• [Description of the task]:
Reproduce, from the lines below, exactly the stretch that begins at the line containing "#98=ORIENTED_EDGE('',*,*,#97,.F.);" and ends at the line containing "#129=AXIS2_PLACEMENT_3D('',#126,#127,#128);", both included.

• [Dataset entries]:
- - -
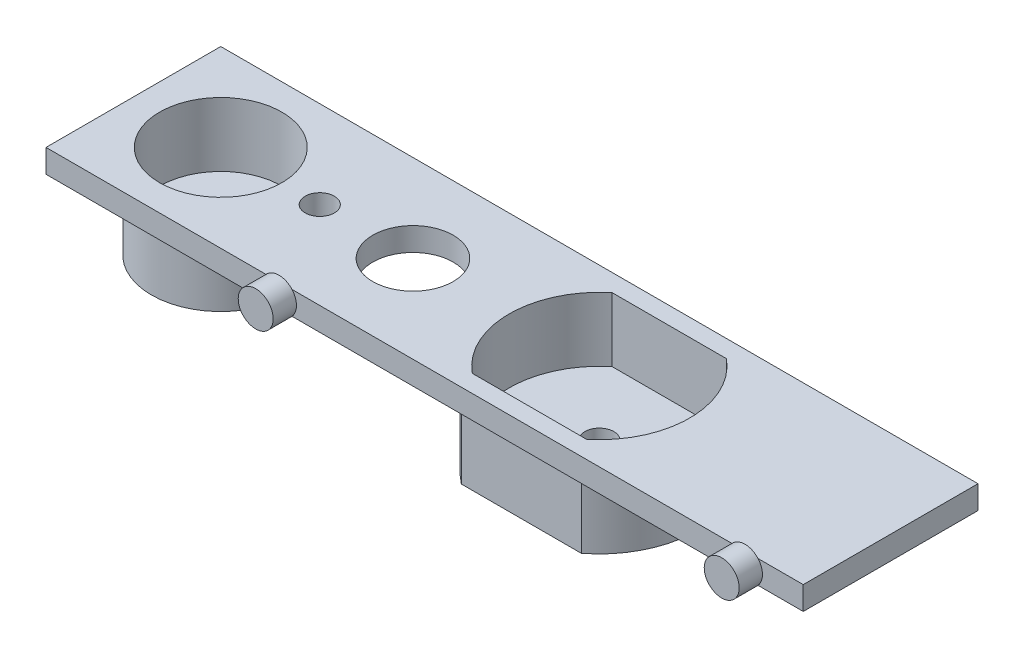
ISO-10303-21;
HEADER;
FILE_DESCRIPTION(('STEP AP214'),'2;1');
FILE_NAME('part.step','',(''),(''),'','','');
FILE_SCHEMA(('AUTOMOTIVE_DESIGN { 1 0 10303 214 1 1 1 1 }'));
ENDSEC;
DATA;
#1=APPLICATION_CONTEXT('core data for automotive mechanical design processes');
#2=APPLICATION_PROTOCOL_DEFINITION('international standard','automotive_design',2000,#1);
#3=PRODUCT_CONTEXT('',#1,'mechanical');
#4=PRODUCT('Part','Part','',(#3));
#5=PRODUCT_RELATED_PRODUCT_CATEGORY('part','',(#4));
#6=PRODUCT_DEFINITION_FORMATION('','',#4);
#7=PRODUCT_DEFINITION_CONTEXT('part definition',#1,'design');
#8=PRODUCT_DEFINITION('design','',#6,#7);
#9=PRODUCT_DEFINITION_SHAPE('','',#8);
#10=(LENGTH_UNIT() NAMED_UNIT(*) SI_UNIT(.MILLI.,.METRE.));
#11=(NAMED_UNIT(*) PLANE_ANGLE_UNIT() SI_UNIT($,.RADIAN.));
#12=(NAMED_UNIT(*) SI_UNIT($,.STERADIAN.) SOLID_ANGLE_UNIT());
#13=UNCERTAINTY_MEASURE_WITH_UNIT(LENGTH_MEASURE(1.E-05),#10,'distance_accuracy_value','');
#14=(GEOMETRIC_REPRESENTATION_CONTEXT(3) GLOBAL_UNCERTAINTY_ASSIGNED_CONTEXT((#13)) GLOBAL_UNIT_ASSIGNED_CONTEXT((#10,
#11,#12)) REPRESENTATION_CONTEXT('',''));
#15=CARTESIAN_POINT('',(0.,0.,0.));
#16=DIRECTION('',(0.,0.,1.));
#17=DIRECTION('',(1.,0.,0.));
#18=AXIS2_PLACEMENT_3D('',#15,#16,#17);
#19=CARTESIAN_POINT('',(0.,2.,0.));
#20=DIRECTION('',(0.,1.,0.));
#21=DIRECTION('',(0.,0.,1.));
#22=AXIS2_PLACEMENT_3D('',#19,#20,#21);
#23=PLANE('',#22);
#24=CARTESIAN_POINT('',(-32.5,2.,0.));
#25=DIRECTION('',(0.,1.,0.));
#26=DIRECTION('',(0.,0.,1.));
#27=AXIS2_PLACEMENT_3D('',#24,#25,#26);
#28=CIRCLE('',#27,5.25);
#29=CARTESIAN_POINT('',(-32.5,2.,5.25));
#30=VERTEX_POINT('',#29);
#31=EDGE_CURVE('E618',#30,#30,#28,.T.);
#32=ORIENTED_EDGE('',*,*,#31,.F.);
#33=EDGE_LOOP('',(#32));
#34=FACE_BOUND('',#33,.T.);
#35=CARTESIAN_POINT('',(-24.,2.,0.));
#36=DIRECTION('',(0.,1.,0.));
#37=DIRECTION('',(0.,0.,1.));
#38=AXIS2_PLACEMENT_3D('',#35,#36,#37);
#39=CIRCLE('',#38,1.25);
#40=CARTESIAN_POINT('',(-24.,2.,1.25000000000001));
#41=VERTEX_POINT('',#40);
#42=EDGE_CURVE('E361',#41,#41,#39,.F.);
#43=ORIENTED_EDGE('',*,*,#42,.T.);
#44=EDGE_LOOP('',(#43));
#45=FACE_BOUND('',#44,.T.);
#46=CARTESIAN_POINT('',(-16.,2.,0.));
#47=DIRECTION('',(0.,1.,0.));
#48=DIRECTION('',(0.,0.,1.));
#49=AXIS2_PLACEMENT_3D('',#46,#47,#48);
#50=CIRCLE('',#49,3.45);
#51=CARTESIAN_POINT('',(-16.,2.,3.45));
#52=VERTEX_POINT('',#51);
#53=EDGE_CURVE('E347',#52,#52,#50,.F.);
#54=ORIENTED_EDGE('',*,*,#53,.T.);
#55=EDGE_LOOP('',(#54));
#56=FACE_BOUND('',#55,.T.);
#57=DIRECTION('',(0.,0.,-1.));
#58=VECTOR('',#57,1.);
#59=CARTESIAN_POINT('',(-40.,2.,0.));
#60=LINE('',#59,#58);
#61=CARTESIAN_POINT('',(-40.,2.,7.5));
#62=VERTEX_POINT('',#61);
#63=CARTESIAN_POINT('',(-40.,2.,-7.5));
#64=VERTEX_POINT('',#63);
#65=EDGE_CURVE('E377',#62,#64,#60,.T.);
#66=ORIENTED_EDGE('',*,*,#65,.F.);
#67=DIRECTION('',(-1.,0.,0.));
#68=VECTOR('',#67,1.);
#69=CARTESIAN_POINT('',(0.,2.,7.5));
#70=LINE('',#69,#68);
#71=CARTESIAN_POINT('',(-21.1180339887499,2.,7.5));
#72=VERTEX_POINT('',#71);
#73=EDGE_CURVE('E381',#72,#62,#70,.T.);
#74=ORIENTED_EDGE('',*,*,#73,.F.);
#75=CARTESIAN_POINT('',(-18.8819660112501,2.,7.5));
#76=VERTEX_POINT('',#75);
#77=EDGE_CURVE('E478',#76,#72,#70,.T.);
#78=ORIENTED_EDGE('',*,*,#77,.F.);
#79=CARTESIAN_POINT('',(18.8819660112501,2.,7.5));
#80=VERTEX_POINT('',#79);
#81=EDGE_CURVE('E480',#80,#76,#70,.T.);
#82=ORIENTED_EDGE('',*,*,#81,.F.);
#83=CARTESIAN_POINT('',(21.1180339887499,2.,7.5));
#84=VERTEX_POINT('',#83);
#85=EDGE_CURVE('E387',#84,#80,#70,.T.);
#86=ORIENTED_EDGE('',*,*,#85,.F.);
#87=CARTESIAN_POINT('',(25.,2.,7.5));
#88=VERTEX_POINT('',#87);
#89=EDGE_CURVE('E383',#88,#84,#70,.T.);
#90=ORIENTED_EDGE('',*,*,#89,.F.);
#91=DIRECTION('',(0.,0.,1.));
#92=VECTOR('',#91,1.);
#93=CARTESIAN_POINT('',(25.,2.,-7.5));
#94=LINE('',#93,#92);
#95=CARTESIAN_POINT('',(25.,2.,-7.5));
#96=VERTEX_POINT('',#95);
#97=EDGE_CURVE('E410',#96,#88,#94,.T.);
#98=ORIENTED_EDGE('',*,*,#97,.F.);
#99=DIRECTION('',(-1.,0.,0.));
#100=VECTOR('',#99,1.);
#101=CARTESIAN_POINT('',(0.,2.,-7.5));
#102=LINE('',#101,#100);
#103=EDGE_CURVE('E386',#96,#64,#102,.T.);
#104=ORIENTED_EDGE('',*,*,#103,.T.);
#105=EDGE_LOOP('',(#66,#74,#78,#82,#86,#90,#98,#104));
#106=FACE_BOUND('',#105,.T.);
#107=CARTESIAN_POINT('',(0.,2.,0.));
#108=DIRECTION('',(0.,1.,0.));
#109=DIRECTION('',(0.,0.,1.));
#110=AXIS2_PLACEMENT_3D('',#107,#108,#109);
#111=CIRCLE('',#110,7.75);
#112=CARTESIAN_POINT('',(4.90535421758714,2.,6.));
#113=VERTEX_POINT('',#112);
#114=CARTESIAN_POINT('',(4.90535421758714,2.,-6.));
#115=VERTEX_POINT('',#114);
#116=EDGE_CURVE('E279',#113,#115,#111,.T.);
#117=ORIENTED_EDGE('',*,*,#116,.F.);
#118=DIRECTION('',(-1.,0.,0.));
#119=VECTOR('',#118,1.);
#120=CARTESIAN_POINT('',(0.,2.,6.));
#121=LINE('',#120,#119);
#122=CARTESIAN_POINT('',(-4.90535421758714,2.,6.));
#123=VERTEX_POINT('',#122);
#124=EDGE_CURVE('E145',#113,#123,#121,.T.);
#125=ORIENTED_EDGE('',*,*,#124,.T.);
#126=CARTESIAN_POINT('',(0.,2.,0.));
#127=DIRECTION('',(0.,1.,0.));
#128=DIRECTION('',(0.,0.,1.));
#129=AXIS2_PLACEMENT_3D('',#126,#127,#128);
#130=CIRCLE('',#129,7.75);
#131=CARTESIAN_POINT('',(-4.90535421758714,2.,-6.));
#132=VERTEX_POINT('',#131);
#133=EDGE_CURVE('E265',#132,#123,#130,.T.);
#134=ORIENTED_EDGE('',*,*,#133,.F.);
#135=DIRECTION('',(-1.,0.,0.));
#136=VECTOR('',#135,1.);
#137=CARTESIAN_POINT('',(0.,2.,-6.));
#138=LINE('',#137,#136);
#139=EDGE_CURVE('E627',#115,#132,#138,.T.);
#140=ORIENTED_EDGE('',*,*,#139,.F.);
#141=EDGE_LOOP('',(#117,#125,#134,#140));
#142=FACE_BOUND('',#141,.T.);
#143=ADVANCED_FACE('F126',(#34,#45,#56,#106,#142),#23,.T.);
#144=CARTESIAN_POINT('',(0.,11.7580735803744,0.));
#145=DIRECTION('',(0.,-1.,0.));
#146=DIRECTION('',(0.,0.,-1.));
#147=AXIS2_PLACEMENT_3D('',#144,#145,#146);
#148=CYLINDRICAL_SURFACE('',#147,1.25);
#149=CARTESIAN_POINT('',(0.,-6.,0.));
#150=DIRECTION('',(0.,1.,0.));
#151=DIRECTION('',(0.,0.,1.));
#152=AXIS2_PLACEMENT_3D('',#149,#150,#151);
#153=CIRCLE('',#152,1.25);
#154=CARTESIAN_POINT('',(0.,-6.,1.25));
#155=VERTEX_POINT('',#154);
#156=EDGE_CURVE('E287',#155,#155,#153,.T.);
#157=ORIENTED_EDGE('',*,*,#156,.F.);
#158=EDGE_LOOP('',(#157));
#159=FACE_BOUND('',#158,.T.);
#160=CARTESIAN_POINT('',(0.,-3.5,0.));
#161=DIRECTION('',(0.,1.,0.));
#162=DIRECTION('',(0.,0.,1.));
#163=AXIS2_PLACEMENT_3D('',#160,#161,#162);
#164=CIRCLE('',#163,1.25);
#165=CARTESIAN_POINT('',(0.,-3.5,1.25));
#166=VERTEX_POINT('',#165);
#167=EDGE_CURVE('E261',#166,#166,#164,.T.);
#168=ORIENTED_EDGE('',*,*,#167,.T.);
#169=EDGE_LOOP('',(#168));
#170=FACE_BOUND('',#169,.T.);
#171=ADVANCED_FACE('F511',(#159,#170),#148,.F.);
#172=CARTESIAN_POINT('',(0.,0.,0.));
#173=DIRECTION('',(0.,1.,0.));
#174=DIRECTION('',(0.,0.,1.));
#175=AXIS2_PLACEMENT_3D('',#172,#173,#174);
#176=PLANE('',#175);
#177=CARTESIAN_POINT('',(-32.5,0.,0.));
#178=DIRECTION('',(0.,1.,0.));
#179=DIRECTION('',(0.,0.,1.));
#180=AXIS2_PLACEMENT_3D('',#177,#178,#179);
#181=CIRCLE('',#180,5.95);
#182=CARTESIAN_POINT('',(-32.5,0.,5.95));
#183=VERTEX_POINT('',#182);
- - -
• [Response to the exercise]:
#98=ORIENTED_EDGE('',*,*,#97,.F.);
#99=DIRECTION('',(-1.,0.,0.));
#100=VECTOR('',#99,1.);
#101=CARTESIAN_POINT('',(0.,2.,-7.5));
#102=LINE('',#101,#100);
#103=EDGE_CURVE('E386',#96,#64,#102,.T.);
#104=ORIENTED_EDGE('',*,*,#103,.T.);
#105=EDGE_LOOP('',(#66,#74,#78,#82,#86,#90,#98,#104));
#106=FACE_BOUND('',#105,.T.);
#107=CARTESIAN_POINT('',(0.,2.,0.));
#108=DIRECTION('',(0.,1.,0.));
#109=DIRECTION('',(0.,0.,1.));
#110=AXIS2_PLACEMENT_3D('',#107,#108,#109);
#111=CIRCLE('',#110,7.75);
#112=CARTESIAN_POINT('',(4.90535421758714,2.,6.));
#113=VERTEX_POINT('',#112);
#114=CARTESIAN_POINT('',(4.90535421758714,2.,-6.));
#115=VERTEX_POINT('',#114);
#116=EDGE_CURVE('E279',#113,#115,#111,.T.);
#117=ORIENTED_EDGE('',*,*,#116,.F.);
#118=DIRECTION('',(-1.,0.,0.));
#119=VECTOR('',#118,1.);
#120=CARTESIAN_POINT('',(0.,2.,6.));
#121=LINE('',#120,#119);
#122=CARTESIAN_POINT('',(-4.90535421758714,2.,6.));
#123=VERTEX_POINT('',#122);
#124=EDGE_CURVE('E145',#113,#123,#121,.T.);
#125=ORIENTED_EDGE('',*,*,#124,.T.);
#126=CARTESIAN_POINT('',(0.,2.,0.));
#127=DIRECTION('',(0.,1.,0.));
#128=DIRECTION('',(0.,0.,1.));
#129=AXIS2_PLACEMENT_3D('',#126,#127,#128);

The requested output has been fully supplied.